When we talk about the mole fraction, it's a way of expressing the concentration of a component in a mixture. It's a ratio that tells us how much of a particular substance is present compared to the total amount of all substances in the mixture. For example, in dry air, the mole fraction of oxygen (\(\mathrm{O_2}\)) is around 0.2095. This means that oxygen makes up about 20.95% of the air, in terms of moles.

This calculation becomes handy, especially when dealing with ideal gas law problems where you need to find out specific quantities of gases in a larger mixture. By knowing the mole fraction, you can simply multiply it by the total number of moles of the mixture to find out the moles of the component you are interested in.

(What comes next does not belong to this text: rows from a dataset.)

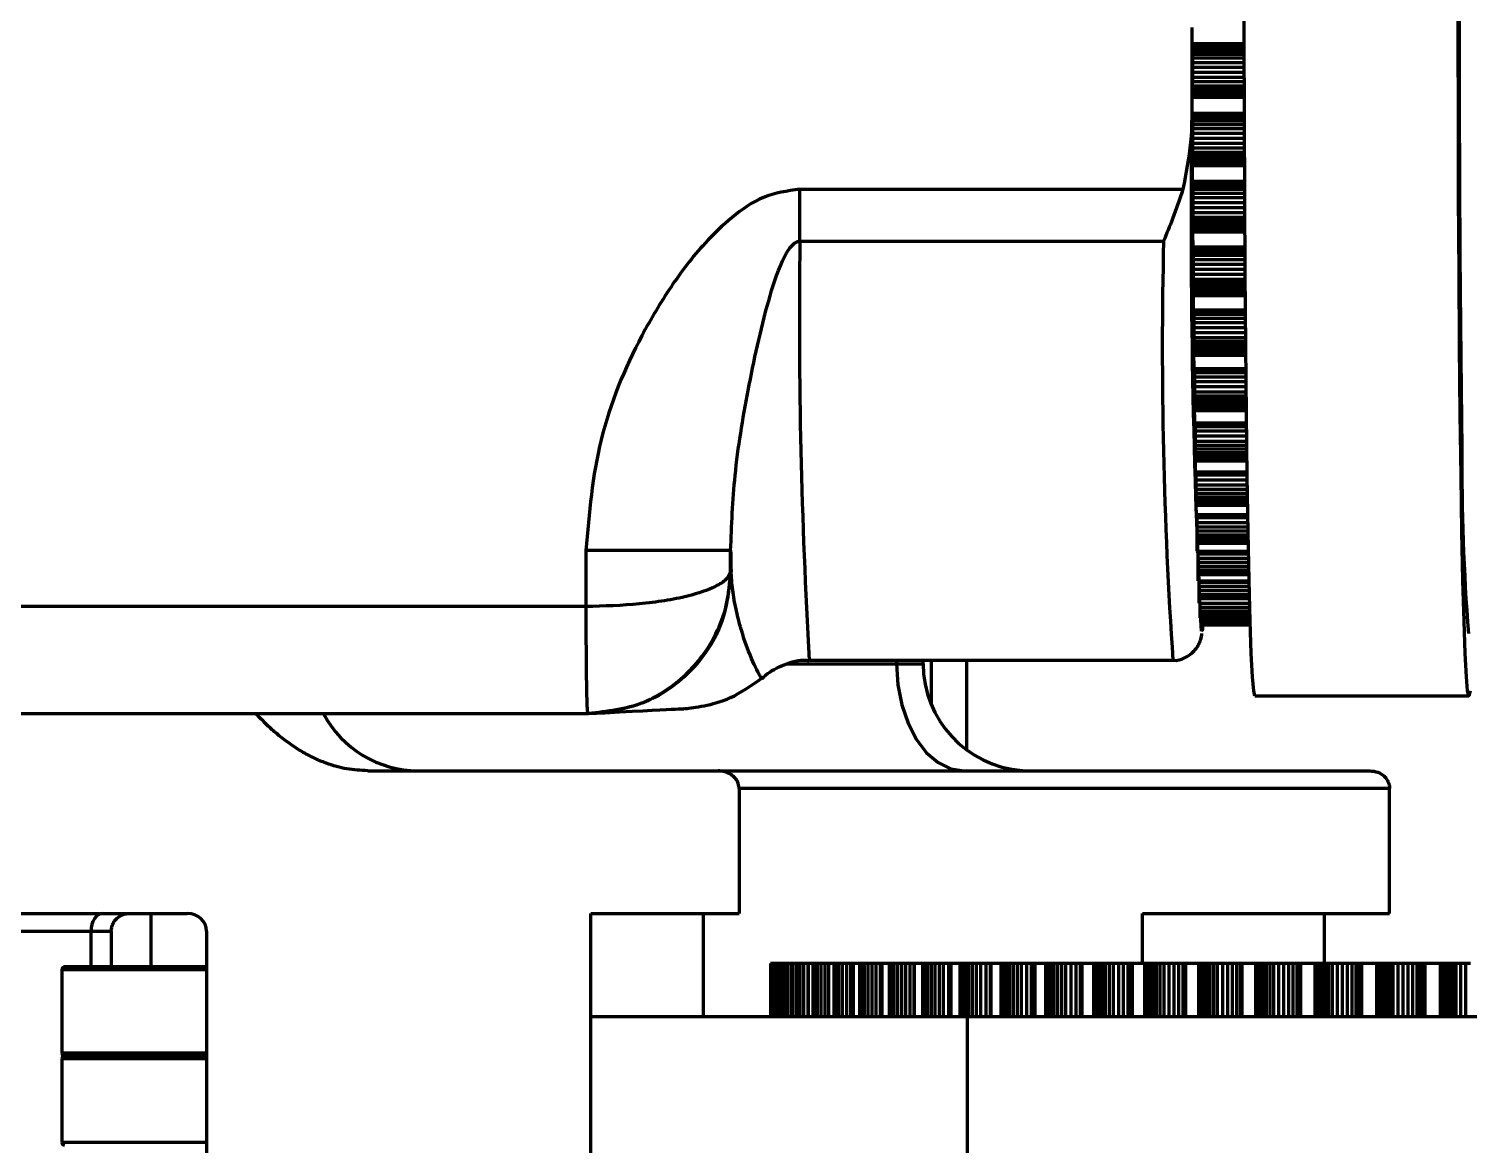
# Model space of a CAD drawing. Header units: millimetres. Extents: x -419 to 9215, y 1224 to 3301.
# Drawn here: x -146.25 to -101.37, y 1425.77 to 1460.56 of the extents above; entities that cross this region are included whole.
import ezdxf

# ---------------------------------------------------------------- set-up
doc = ezdxf.new("R2010")
doc.units = ezdxf.units.MM
doc.layers.add('0.7mm', color=7, linetype='Continuous', lineweight=70)

msp = doc.modelspace()

# ---------------------------------------------------------------- linework, layer by layer
at = {"layer": '0.7mm', "color": 7, "linetype": 'Continuous', "lineweight": 70}
for p, q in [((-110.007, 1460.513), (-110.007, 1458.494)), ((-110.007, 1460.099), (-108.374, 1460.099)), ((-110.007, 1460.099), (-110.006, 1460.023)), ((-110.006, 1460.023), (-108.374, 1460.023)), ((-110.006, 1460.023), (-110.005, 1459.99)), ((-110.005, 1459.99), (-108.374, 1459.99)), ((-110.005, 1459.99), (-110.003, 1459.982)), ((-110.003, 1459.982), (-108.374, 1459.982)), ((-110.003, 1459.982), (-110.001, 1459.959)), ((-110.001, 1459.959), (-108.374, 1459.959)), ((-110.001, 1459.959), (-109.999, 1459.923)), ((-109.999, 1459.923), (-108.373, 1459.923)), ((-109.999, 1459.923), (-109.997, 1459.873)), ((-109.997, 1459.873), (-108.373, 1459.873)), ((-109.997, 1459.873), (-109.995, 1459.773)), ((-109.995, 1459.773), (-108.373, 1459.773)), ((-109.995, 1459.773), (-109.994, 1459.651)), ((-109.994, 1459.651), (-108.373, 1459.651)), ((-109.994, 1459.651), (-109.993, 1459.511)), ((-109.993, 1459.511), (-108.373, 1459.511)), ((-109.993, 1459.511), (-109.992, 1459.36)), ((-109.992, 1459.36), (-108.373, 1459.36)), ((-109.992, 1459.36), (-109.992, 1459.205)), ((-109.994, 1458.912), (-109.995, 1458.786)), ((-109.993, 1459.053), (-109.994, 1458.912)), ((-109.994, 1458.912), (-108.372, 1458.912)), ((-109.992, 1459.205), (-109.993, 1459.053)), ((-109.993, 1459.053), (-108.372, 1459.053)), ((-109.992, 1459.205), (-108.373, 1459.205)), ((-110.004, 1458.431), (-108.371, 1458.431)), ((-110.002, 1458.563), (-110.003, 1458.514)), ((-110.003, 1458.514), (-108.371, 1458.514)), ((-110.001, 1458.597), (-110.002, 1458.563)), ((-110.002, 1458.563), (-108.371, 1458.563)), ((-109.999, 1458.647), (-110.001, 1458.597)), ((-110.001, 1458.597), (-108.371, 1458.597)), ((-109.997, 1458.709), (-109.999, 1458.647)), ((-109.999, 1458.647), (-108.372, 1458.647)), ((-109.995, 1458.786), (-109.997, 1458.709)), ((-109.997, 1458.709), (-108.372, 1458.709)), ((-109.995, 1458.786), (-108.372, 1458.786)), ((-110.002, 1457.933), (-108.37, 1457.933)), ((-110.002, 1457.861), (-108.37, 1457.861)), ((-110.002, 1457.861), (-110, 1457.838)), ((-110, 1457.838), (-108.37, 1457.838)), ((-109.997, 1457.838), (-109.997, 1457.835)), ((-109.997, 1457.835), (-108.37, 1457.835)), ((-109.997, 1457.835), (-109.995, 1457.813)), ((-109.995, 1457.813), (-108.37, 1457.813)), ((-109.995, 1457.813), (-109.993, 1457.776)), ((-109.993, 1457.776), (-108.37, 1457.776)), ((-109.993, 1457.776), (-109.991, 1457.692)), ((-109.991, 1457.692), (-108.369, 1457.692)), ((-109.991, 1457.692), (-109.989, 1457.581)), ((-109.989, 1457.581), (-108.369, 1457.581)), ((-109.989, 1457.581), (-109.988, 1457.45)), ((-109.988, 1457.45), (-108.369, 1457.45)), ((-109.988, 1457.45), (-109.987, 1457.303)), ((-109.987, 1457.303), (-108.368, 1457.303)), ((-109.987, 1457.303), (-109.987, 1457.149)), ((-109.987, 1457.149), (-108.368, 1457.149)), ((-109.987, 1457.149), (-109.987, 1456.995)), ((-109.991, 1456.622), (-109.992, 1456.547)), ((-109.989, 1456.71), (-109.991, 1456.622)), ((-109.991, 1456.622), (-108.366, 1456.622)), ((-109.988, 1456.846), (-109.989, 1456.71)), ((-109.989, 1456.71), (-108.366, 1456.71)), ((-109.987, 1456.995), (-109.988, 1456.846)), ((-109.988, 1456.846), (-108.367, 1456.846)), ((-109.987, 1456.995), (-108.367, 1456.995)), ((-109.995, 1456.439), (-109.997, 1456.381)), ((-109.997, 1456.381), (-108.365, 1456.381)), ((-109.997, 1456.381), (-109.997, 1456.296)), ((-109.997, 1456.296), (-108.365, 1456.296)), ((-109.994, 1456.484), (-109.995, 1456.439)), ((-109.995, 1456.439), (-108.365, 1456.439)), ((-109.992, 1456.547), (-109.994, 1456.484)), ((-109.994, 1456.484), (-108.366, 1456.484)), ((-109.992, 1456.547), (-108.366, 1456.547)), ((-109.995, 1455.811), (-108.363, 1455.811)), ((-109.995, 1455.811), (-109.994, 1455.745)), ((-109.994, 1455.745), (-108.363, 1455.745)), ((-109.994, 1455.745), (-109.992, 1455.732)), ((-109.992, 1455.732), (-108.363, 1455.732)), ((-109.985, 1455.732), (-109.985, 1455.725)), ((-109.985, 1455.725), (-108.363, 1455.725)), ((-109.985, 1455.725), (-109.982, 1455.657)), ((-122.228, 1455.563), (-110.287, 1455.563)), ((-122.223, 1453.941), (-122.228, 1455.563)), ((-109.982, 1455.657), (-108.362, 1455.657)), ((-109.982, 1455.657), (-109.981, 1455.56)), ((-109.981, 1455.56), (-108.362, 1455.56)), ((-109.981, 1455.56), (-109.979, 1455.439)), ((-109.979, 1455.439), (-108.361, 1455.439)), ((-109.979, 1455.439), (-109.978, 1455.299)), ((-109.978, 1455.299), (-108.361, 1455.299)), ((-109.978, 1455.299), (-109.978, 1455.148)), ((-109.978, 1454.839), (-109.979, 1454.693)), ((-109.978, 1455.148), (-108.36, 1455.148)), ((-109.978, 1455.148), (-109.978, 1454.992)), ((-109.978, 1454.992), (-108.359, 1454.992)), ((-109.978, 1454.992), (-109.978, 1454.839)), ((-109.978, 1454.839), (-108.359, 1454.839)), ((-109.985, 1454.377), (-109.986, 1454.312)), ((-109.984, 1454.434), (-109.985, 1454.377)), ((-109.985, 1454.377), (-108.356, 1454.377)), ((-109.982, 1454.509), (-109.984, 1454.434)), ((-109.984, 1454.434), (-108.357, 1454.434)), ((-109.981, 1454.594), (-109.982, 1454.509)), ((-109.982, 1454.509), (-108.357, 1454.509)), ((-109.979, 1454.693), (-109.981, 1454.594)), ((-109.981, 1454.594), (-108.357, 1454.594)), ((-109.979, 1454.693), (-108.358, 1454.693)), ((-122.223, 1453.941), (-110.891, 1453.941)), ((-109.986, 1454.312), (-108.356, 1454.312)), ((-109.986, 1454.312), (-109.986, 1454.227)), ((-109.986, 1454.227), (-108.355, 1454.227)), ((-109.983, 1453.76), (-108.353, 1453.76)), ((-109.983, 1453.76), (-109.982, 1453.7)), ((-109.982, 1453.7), (-108.352, 1453.7)), ((-109.982, 1453.7), (-109.981, 1453.697)), ((-109.981, 1453.697), (-108.352, 1453.697)), ((-109.971, 1453.697), (-109.971, 1453.696)), ((-109.971, 1453.696), (-108.352, 1453.696)), ((-109.971, 1453.696), (-109.969, 1453.613)), ((-109.969, 1453.613), (-108.352, 1453.613)), ((-109.969, 1453.613), (-109.967, 1453.503)), ((-109.967, 1453.503), (-108.351, 1453.503)), ((-109.967, 1453.503), (-109.966, 1453.372)), ((-109.966, 1453.372), (-108.35, 1453.372)), ((-109.966, 1453.372), (-109.965, 1453.226)), ((-109.965, 1453.226), (-108.35, 1453.226)), ((-109.965, 1453.226), (-109.965, 1453.071)), ((-109.965, 1453.071), (-108.349, 1453.071)), ((-109.965, 1453.071), (-109.965, 1452.914)), ((-109.967, 1452.653), (-109.968, 1452.558)), ((-109.966, 1452.761), (-109.967, 1452.653)), ((-109.967, 1452.653), (-108.346, 1452.653)), ((-109.965, 1452.914), (-109.966, 1452.761)), ((-109.966, 1452.761), (-108.347, 1452.761)), ((-109.965, 1452.914), (-108.348, 1452.914)), ((-109.971, 1452.403), (-109.972, 1452.333)), ((-109.972, 1452.333), (-108.344, 1452.333)), ((-109.972, 1452.333), (-109.972, 1452.247)), ((-109.972, 1452.247), (-108.343, 1452.247)), ((-109.97, 1452.472), (-109.971, 1452.403)), ((-109.971, 1452.403), (-108.344, 1452.403)), ((-109.968, 1452.558), (-109.97, 1452.472)), ((-109.97, 1452.472), (-108.345, 1452.472)), ((-109.968, 1452.558), (-108.345, 1452.558)), ((-109.968, 1451.805), (-108.34, 1451.805)), ((-109.968, 1451.805), (-109.967, 1451.753)), ((-109.967, 1451.753), (-108.339, 1451.753)), ((-109.954, 1451.753), (-109.952, 1451.667)), ((-109.952, 1451.667), (-108.339, 1451.667)), ((-109.952, 1451.667), (-109.95, 1451.546)), ((-109.95, 1451.546), (-108.338, 1451.546)), ((-109.95, 1451.546), (-109.949, 1451.406)), ((-109.949, 1451.406), (-108.337, 1451.406)), ((-109.949, 1451.406), (-109.949, 1451.255)), ((-109.949, 1451.255), (-108.335, 1451.255)), ((-109.949, 1451.255), (-109.949, 1451.097)), ((-109.95, 1450.823), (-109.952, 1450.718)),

Here, the ideal gas law is applied to find moles of air, then we use the mole fraction to find how many moles of oxygen are present. This ratio is crucial when considering reactions like combustion, where specific gases react in defined stoichiometric amounts.

Combustion Reaction

A combustion reaction is a chemical process in which a substance reacts with oxygen, releasing energy in the form of heat and light. This type of reaction is common in engines, like those found in vehicles. When fuel, such as octane (\(\mathrm{C_8H_{18}}\)), combusts, it reacts with oxygen to produce carbon dioxide and water as products.

The general form of a combustion reaction is:

• Fuel + Oxygen → Carbon Dioxide + Water

This simple representation hides the complex reactions, where balancing the number of atoms on both sides of the equation is essential. For example, the combustion reaction for octane is balanced as:\[\mathrm{C_8H_{18} + 12.5 \ O_2 \rightarrow 8 \ CO_2 + 9 \ H_2O}\]Balancing the chemical equation ensures that the conservation of mass is respected, meaning all atoms on the reactants side are present in equal numbers in the products. Understanding this concept helps predict how much fuel is needed for a certain amount of oxygen.

Stoichiometry

Stoichiometry is like the recipe of chemistry. It tells us how much of each reactant is required for a reaction and how much product will be formed. It's all about measuring and calculating the quantities of reactants and products in chemical reactions.

Stoichiometry uses the balanced chemical equations to determine the relationships between the different substances. For instance, from the balanced combustion reaction of octane, we see that 1 mole of octane reacts with 12.5 moles of oxygen. Such relationships are key to solving problems where you want to determine the amount of fuel combusted given a certain amount of oxygen.

By setting up ratios based on these stoichiometric coefficients, you can convert between moles of different substances. In our example, finding how much octane is burned by the available oxygen involves calculating a ratio and using molar masses to convert moles to grams. This method provides precise control over the reactants, essential in scenarios like fueling engines efficiently.